他,文風溫婉空靈、清新淡雅,以細膩婉約、情深意切為特征,尤以描寫民國奇情題材見長;

他,以杰出才華和悲憫情懷掀起新一波古典詩詞閱讀熱潮,頗得花間詞派余風;

他,就是被年輕的女性讀者推為“新花間派掌門”“中國最美詩詞解析第一人”的吳俁陽。

創作是一件賞心悅目的事

上世紀70年代末,吳俁陽出生在東臺市富安鎮。

和東臺另一個低調的高產作家朱曉翔一樣,青年吳俁陽同樣屬于墻內開花墻外香的主。至今,他已創作近二千余萬字的作品,在首都,在各大都市的機場、五星級飯店到處都能見到各出版社出版的吳俁陽的暢銷書籍。

創作對吳俁陽來說是一樁極其快樂的事,自11歲開始創作長篇小說起,他一直都將寫作當作尋找快樂的途徑。

說起自己最喜歡的作品,吳俁陽首推以家鄉富安鎮為背景創作的長篇小說《月上荷塘夜》。這部小說首創于2006年。當時他已創作出《香》《傘》《燈》《窯》等多部在網絡上非常有影響的中篇小說。說起《月上荷塘夜》,吳俁陽告訴我們,是緣于一個住在富安老街上的裹腳老太太,老太太有個很好聽的綽號,叫小荷花,所以《月上荷塘夜》最初擬定的標題就是《小荷花》。

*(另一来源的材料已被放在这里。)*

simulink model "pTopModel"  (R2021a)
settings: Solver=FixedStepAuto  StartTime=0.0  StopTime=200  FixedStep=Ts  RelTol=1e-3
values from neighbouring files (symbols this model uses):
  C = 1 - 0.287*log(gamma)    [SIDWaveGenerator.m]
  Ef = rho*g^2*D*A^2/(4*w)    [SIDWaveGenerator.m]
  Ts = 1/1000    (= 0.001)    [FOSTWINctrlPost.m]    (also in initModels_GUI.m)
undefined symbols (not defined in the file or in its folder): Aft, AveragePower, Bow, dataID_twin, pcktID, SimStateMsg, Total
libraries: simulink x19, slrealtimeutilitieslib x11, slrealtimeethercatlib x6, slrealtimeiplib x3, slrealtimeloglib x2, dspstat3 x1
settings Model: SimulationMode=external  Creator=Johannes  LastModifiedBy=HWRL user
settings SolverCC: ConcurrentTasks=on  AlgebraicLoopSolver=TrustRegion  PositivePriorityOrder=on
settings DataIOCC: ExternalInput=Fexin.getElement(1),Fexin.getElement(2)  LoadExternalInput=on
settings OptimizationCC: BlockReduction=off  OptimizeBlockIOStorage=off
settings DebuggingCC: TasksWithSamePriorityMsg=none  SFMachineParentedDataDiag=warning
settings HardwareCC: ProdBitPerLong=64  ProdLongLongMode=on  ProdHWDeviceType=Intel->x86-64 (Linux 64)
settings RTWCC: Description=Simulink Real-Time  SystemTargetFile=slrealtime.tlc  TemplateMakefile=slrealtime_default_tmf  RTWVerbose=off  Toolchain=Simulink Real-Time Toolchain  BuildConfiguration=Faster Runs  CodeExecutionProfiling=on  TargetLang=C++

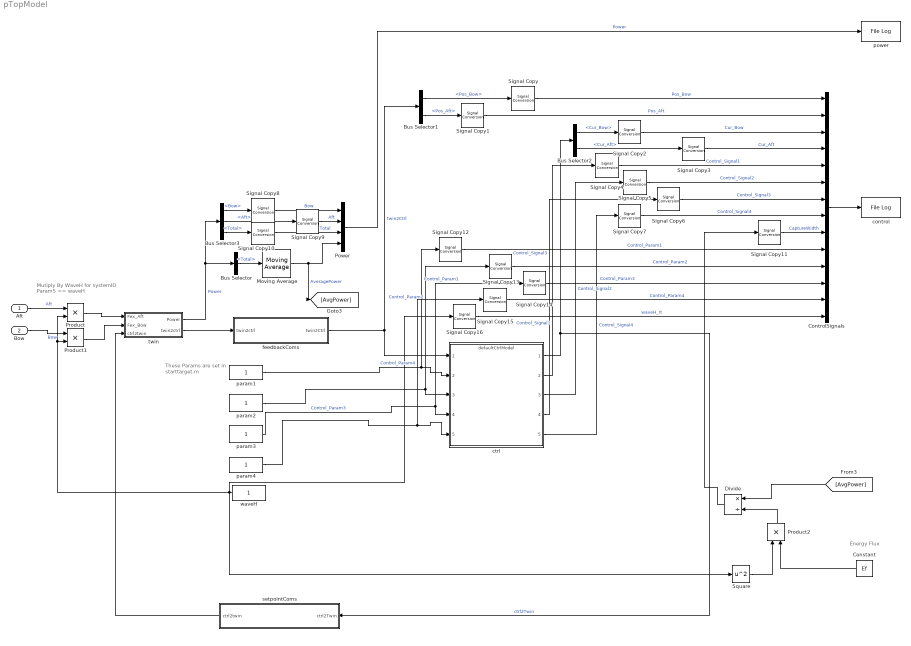
== system pTopModel ==
  note: Energy Flux
  note: Mutiply By WaveH for systemID
      | Param5 == waveH
  note: These Params are set in starttarget.m
  Aft : Inport  Interpolate=off
  Bow : Inport  Port=2  Interpolate=off
  Bus Selector : BusSelector  OutputSignals=Total
  Bus Selector1 : BusSelector  OutputSignals=Pos_Bow,Pos_Aft
  Bus Selector2 : BusSelector  OutputSignals=Cur_Bow,Cur_Aft
  Bus Selector3 : BusSelector  OutputSignals=Bow,Aft,Total
  Constant : Constant  Value=Ef  SampleTime=Ts
  ControlSignals : BusCreator  Inputs=14
  Divide : Product  Inputs=*/
  Moving Average : dspstat3/Moving Average  Method=Sliding window  ForgettingFactorPort=off  SpecifyWindowLength=on  WindowLength=numSteps  ForgettingFactor=0.9  SimulateUsing=Code generation
  Power : BusCreator  Inputs=Bow,Aft,Total,AveragePower
  Product : Product
  Product1 : Product
  Product2 : Product
  Signal Copy{,1..16} (17 alike) : SignalConversion  OverrideOpt=off
  Square : Math  Operator=square  SaturateOnIntegerOverflow=on
  control : slrealtimeloglib/File Log  decimation=10
      settings: SourceProductBaseCode=XP
  ctrl : ModelReference  ModelNameDialog=defaultCtrlModel  SimulationMode=Normal  ModelReferenceVersion=2.693
  feedbackComs : Subsystem  Variant=on  VariantControlMode=label  LabelModeActiveChoice=singleSpeedgoat
  param1 : Constant  OutDataTypeStr=Inherit: Inherit via back propagation  SampleTime=Ts
  param2 : Constant  SampleTime=Ts
  param3 : Constant  SampleTime=Ts
  param4 : Constant  VectorParams1D=off  SampleTime=Ts
  power : slrealtimeloglib/File Log  decimation=10
      settings: SourceProductBaseCode=XP
  setpointComs : Subsystem  Variant=on  VariantControlMode=label  LabelModeActiveChoice=singleSpeedgoat
  twin : Subsystem  Variant=on  VariantControlMode=label  LabelModeActiveChoice=systemID
  waveH : Constant  SampleTime=Ts
  wires:
  ctrl/1 -> Bus Selector2/1, setpointComs/1(ctrl2Twin)  "ctrl2Twin"
  feedbackComs/1(twin2Ctrl) -> ctrl/1, Bus Selector1/1  "twin2Ctrl"
  param1/1 -> ctrl/2, Signal Copy12/1  "Control_Param1"
  param2/1 -> ctrl/3, Signal Copy13/1  "Control_Param2"
  setpointComs/1(ctrl2twin) -> twin/3(ctrl2twin)
  twin/2(twin2ctrl) -> feedbackComs/1(twin2ctrl)
  param3/1 -> ctrl/4, Signal Copy14/1  "Control_Param3"
  ctrl/2 -> Signal Copy4/1  "Control_Signal1"
  ctrl/3 -> Signal Copy5/1  "Control_Signal2"
  ctrl/4 -> Signal Copy6/1  "Control_Signal3"
  ControlSignals/1 -> control/1
  param4/1 -> ctrl/5, Signal Copy15/1  "Control_Param4"
  Aft/1 -> Product/1  "Aft"
  Product/1 -> twin/1(Fex_Aft)
  Bow/1 -> Product1/1  "Bow"
  Product1/1 -> twin/2(Fex_Bow)
  ctrl/5 -> Signal Copy7/1  "Control_Signal4"
  twin/1(Power) -> Bus Selector3/1, Bus Selector/1  "Power"
  Bus Selector/1 -> Moving Average/1  "<Total>"
  Moving Average/1 -> [AvgPower], Power/4  "AveragePower"
  Power/1 -> power/1  "Power"
  Bus Selector1/1 -> Signal Copy/1  "<Pos_Bow>"
  Bus Selector1/2 -> Signal Copy1/1  "<Pos_Aft>"
  Bus Selector2/1 -> Signal Copy2/1  "<Cur_Bow>"
  Bus Selector2/2 -> Signal Copy3/1  "<Cur_Aft>"
  Bus Selector3/3 -> Signal Copy10/1  "<Total>"
  Bus Selector3/2 -> Signal Copy9/1  "<Aft>"
  Bus Selector3/1 -> Signal Copy8/1  "<Bow>"
  Signal Copy/1 -> ControlSignals/1  "Pos_Bow"
  Signal Copy1/1 -> ControlSignals/2  "Pos_Aft"
  Signal Copy2/1 -> ControlSignals/3  "Cur_Bow"
  Signal Copy3/1 -> ControlSignals/4  "Cur_Aft"
  Signal Copy4/1 -> ControlSignals/5  "Control_Signal1"
  Signal Copy5/1 -> ControlSignals/6  "Control_Signal2"
  Signal Copy6/1 -> ControlSignals/7  "Control_Signal3"
  Signal Copy7/1 -> ControlSignals/8  "Control_Signal4"
  Signal Copy8/1 -> Power/1  "Bow"
  Signal Copy9/1 -> Power/2  "Aft"
  Signal Copy10/1 -> Power/3  "Total"
  [AvgPower] -> Divide/1
  Constant/1 -> Product2/2
  Square/1 -> Product2/1
  Product2/1 -> Divide/2
  Divide/1 -> Signal Copy11/1
  Signal Copy11/1 -> ControlSignals/9  "CaptureWidth"
  Signal Copy12/1 -> ControlSignals/10  "Control_Param1"
  Signal Copy13/1 -> ControlSignals/11  "Control_Param2"
  Signal Copy14/1 -> ControlSignals/12  "Control_Param3"
  Signal Copy15/1 -> ControlSignals/13  "Control_Param4"
  Signal Copy16/1 -> ControlSignals/14  "waveH_rt"
  waveH/1 -> Square/1, Product/2, Product1/2, Signal Copy16/1

== system pTopModel/feedbackComs ==
  note: 1) Add Subsystem or Model blocks as valid variant choices.
      | 2) You cannot connect blocks at this level. At simulation, connectivity is automatically
      | determined, based on the active variant and port name matching.
  twin2ctrl : Inport
  nonRT : Subsystem  VariantControl=nonRT
  singleSpeedgoat : Subsystem  VariantControl=singleSpeedgoat
  twoSpeedgoats : Subsystem  VariantControl=twoSpeedgoats
  twin2Ctrl : Outport

== system pTopModel/setpointComs ==
  note: 1) Add Subsystem or Model blocks as valid variant choices.
      | 2) You cannot connect blocks at this level. At simulation, connectivity is automatically
      | determined, based on the active variant and port name matching.
  ctrl2Twin : Inport
  nonRT : Subsystem  VariantControl=nonRT
  singleSpeedgoat : Subsystem  VariantControl=singleSpeedgoat
  twoSpeedgoats : Subsystem  VariantControl=twoSpeedgoats
  ctrl2twin : Outport

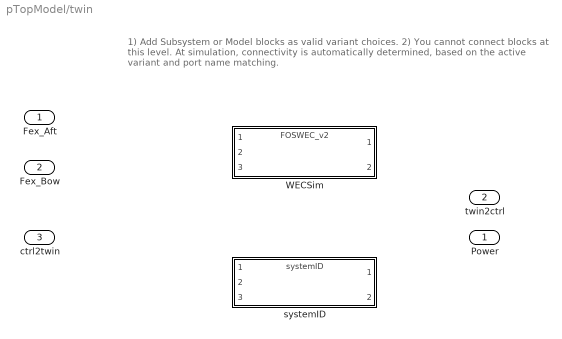
== system pTopModel/twin ==
  note: 1) Add Subsystem or Model blocks as valid variant choices.
      | 2) You cannot connect blocks at this level. At simulation, connectivity is automatically
      | determined, based on the active variant and port name matching.
  Fex_Aft : Inport
  Fex_Bow : Inport  Port=2
  ctrl2twin : Inport  Port=3
  WECSim : ModelReference  ModelNameDialog=FOSWEC_v2.slx  SimulationMode=Normal  VariantControl=WECSim  ModelReferenceVersion=3.577
  systemID : ModelReference  ModelNameDialog=systemID.slx  SimulationMode=Normal  VariantControl=systemID  ModelReferenceVersion=1.369
  Power : Outport
  twin2ctrl : Outport  Port=2

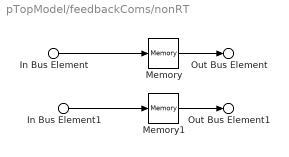
== system pTopModel/feedbackComs/nonRT ==
  In Bus Element : Inport  PortName=twin2ctrl  Element=Pos_Bow
  In Bus Element1 : Inport  PortName=twin2ctrl  Element=Pos_Aft
  Memory : Memory
  Memory1 : Memory
  Out Bus Element : Outport  PortName=twin2Ctrl  Element=Pos_Bow
  Out Bus Element1 : Outport  PortName=twin2Ctrl  Element=Pos_Aft
  wires:
  In Bus Element/1 -> Memory/1
  In Bus Element1/1 -> Memory1/1
  Memory1/1 -> Out Bus Element1/1
  Memory/1 -> Out Bus Element/1

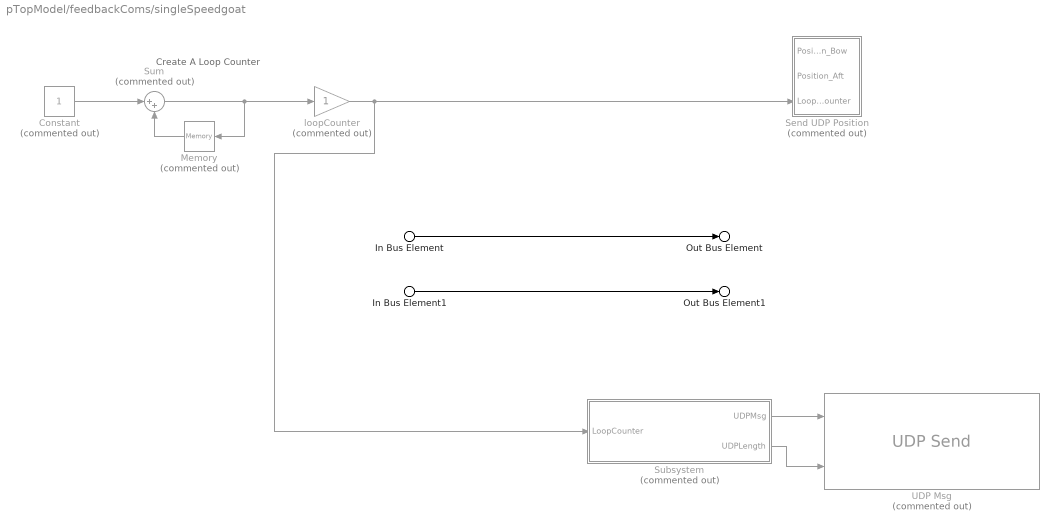
== system pTopModel/feedbackComs/singleSpeedgoat ==
  note: Create A Loop Counter
  In Bus Element : Inport  PortName=twin2ctrl  Element=Pos_Bow
  In Bus Element1 : Inport  PortName=twin2ctrl  Element=Pos_Aft
  Constant : Constant  Commented=on  SampleTime=Ts
  Memory : Memory  Commented=on
  Send UDP Position : Subsystem  Commented=on
  Subsystem : Subsystem  Commented=on
  Sum : Sum  Commented=on  Inputs=|++  OutDataTypeStr=uint32
  UDP Msg : slrealtimeiplib/UDP Send  Commented=on  useHostTargetConn=on  ipAddress=10.10.10.15  localPort=iotLocalMsgPort  toAddress=iotIPaddr  toPort=iotRemoteMsgPort  sampleTime=Ts
      settings: SourceProductBaseCode=XP
  loopCounter : Gain  Commented=on  ParamDataTypeStr=uint32  OutDataTypeStr=uint32
  Out Bus Element : Outport  PortName=twin2Ctrl  Element=Pos_Bow
  Out Bus Element1 : Outport  PortName=twin2Ctrl  Element=Pos_Aft
  wires:
  Subsystem/1(UDPMsg) -> UDP Msg/1
  Subsystem/2(UDPLength) -> UDP Msg/2
  In Bus Element/1 -> Out Bus Element/1
  In Bus Element1/1 -> Out Bus Element1/1
  Constant/1 -> Sum/1
  Sum/1 -> Memory/1, loopCounter/1
  Memory/1 -> Sum/2
  loopCounter/1 -> Subsystem/1(LoopCounter), Send UDP Position/3(LoopCounter)

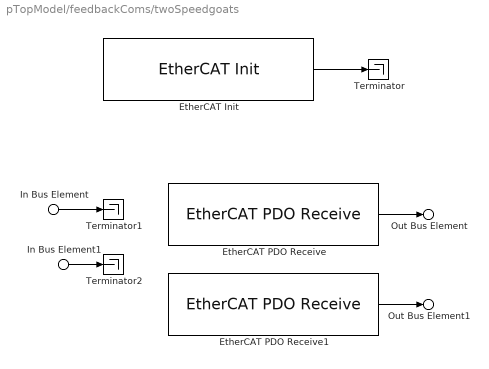
== system pTopModel/feedbackComs/twoSpeedgoats ==
  In Bus Element : Inport  PortName=twin2ctrl  Element=Pos_Bow
  In Bus Element1 : Inport  PortName=twin2ctrl  Element=Pos_Aft
  EtherCAT Init : slrealtimeethercatlib/EtherCAT Init  Priority=0  config_file=C:\Software\FOSTWIN\esi\FOSTWIN_Secondary1.xml  device_id=0  pci_bus=0  pci_slot=0  pci_function=0  portnum=1  initstate=2  dctuning=2  enaDebug=2  enaDC=on  errLink=off  masterDbg=off  stateChgDbg=off  baseClock=off  masterCfg=off  logFile='c:\dbglog.txt'  sample_time=0.001000  DCMode=0
      settings: SourceProductBaseCode=XP
  EtherCAT PDO Receive : slrealtimeethercatlib/EtherCAT PDO Receive  Priority=2  sig_name=Box 1 (EL6695-0002).IO Inputs.P2S01  sig_offset=328  sig_type=double  type_size=64  sig_dim=1  device_id=0  sample_time=0.001000
      settings: SourceProductBaseCode=XP
  EtherCAT PDO Receive1 : slrealtimeethercatlib/EtherCAT PDO Receive  Priority=2  sig_name=Box 1 (EL6695-0002).IO Inputs.P2S02  sig_offset=392  sig_type=double  type_size=64  sig_dim=1  device_id=0  sample_time=0.001000
      settings: SourceProductBaseCode=XP
  Terminator : Terminator
  Terminator1 : Terminator
  Terminator2 : Terminator
  Out Bus Element : Outport  PortName=twin2Ctrl  Element=Pos_Bow
  Out Bus Element1 : Outport  PortName=twin2Ctrl  Element=Pos_Aft
  wires:
  EtherCAT Init/1 -> Terminator/1
  EtherCAT PDO Receive/1 -> Out Bus Element/1
  In Bus Element/1 -> Terminator1/1
  EtherCAT PDO Receive1/1 -> Out Bus Element1/1
  In Bus Element1/1 -> Terminator2/1

== system pTopModel/setpointComs/nonRT ==
  In Bus Element : Inport  PortName=ctrl2Twin  Element=Cur_Bow
  In Bus Element1 : Inport  PortName=ctrl2Twin  Element=Cur_Aft
  Out Bus Element : Outport  PortName=ctrl2twin  Element=Cur_Bow
  Out Bus Element1 : Outport  PortName=ctrl2twin  Element=Cur_Aft
  wires:
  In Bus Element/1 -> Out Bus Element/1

吳俁陽擅長寫傳奇人物,作為傳奇人物的小荷花自然逃不過他的筆端。寫完前四部150余萬字后,吳俁陽開始創作暢銷題材書籍,比如當年市場上很流行的官場小說。盡管標榜為官場小說,其實骨子里仍是他擅長的世情小說。說到“作家”這個詞,吳俁陽總會謙虛地解釋,其實自己只是個“作者”。按理說,剛剛不惑,就已經出版近四十部作品的他算是功成名就了,“作家”這個稱呼用在早于2000年就已經進入中國作家協會魯迅文學院深造的他來講自然不為過,可他卻說自己并不在意什么稱呼,更不在意任何頭銜,無論“作家”還是“作者”,都是要靠作品說話的。

對好的作家,吳俁陽有自己的理解。好的作家除了要有過硬的作品,還要經得起讀者的檢驗,如果一部作品寫出來卻無法引起讀者共鳴,那無異于孤芳自賞,自己再喜歡再覺得怎么好,也都是王婆賣瓜自賣自夸。

創作是一個不斷創新求變的過程

從少年開始創作長篇小說開始,經過多年的努力,青年吳俁陽可以說是著作等身,早些年便被國內媒體和讀者尊為“新花間派掌門人”“中國最美詩詞解析第一人”。之所以被冠上這樣的稱號,是因為在2011年初,他出了一本超級暢銷書《相見何如不見時:倉央嘉措的詩與情》,開啟了一種全新的創作方式,用美文的筆觸,將小說、散文、傳記、游記、詩詞解析等多種文體一股腦兒地雜糅到同一本書中,而這不僅僅只是他個人的首次嘗試,放之整個文壇來看也是絕無僅有的一次大膽突破。全新的文體,加上六世達賴喇嘛的浪漫傳奇故事,讓這本書一上市,短短兩三個月內就達到二十余萬冊的銷量。一時間,稿約不斷,出版社紛紛找上門來尋求與他合作的機會,乃至整個出版圈都因為這本書的大賣而緊跟風潮,市場上很快便出現了大量同類題材的書籍,而由他獨創的寫作手法也被更多的作者參照模仿。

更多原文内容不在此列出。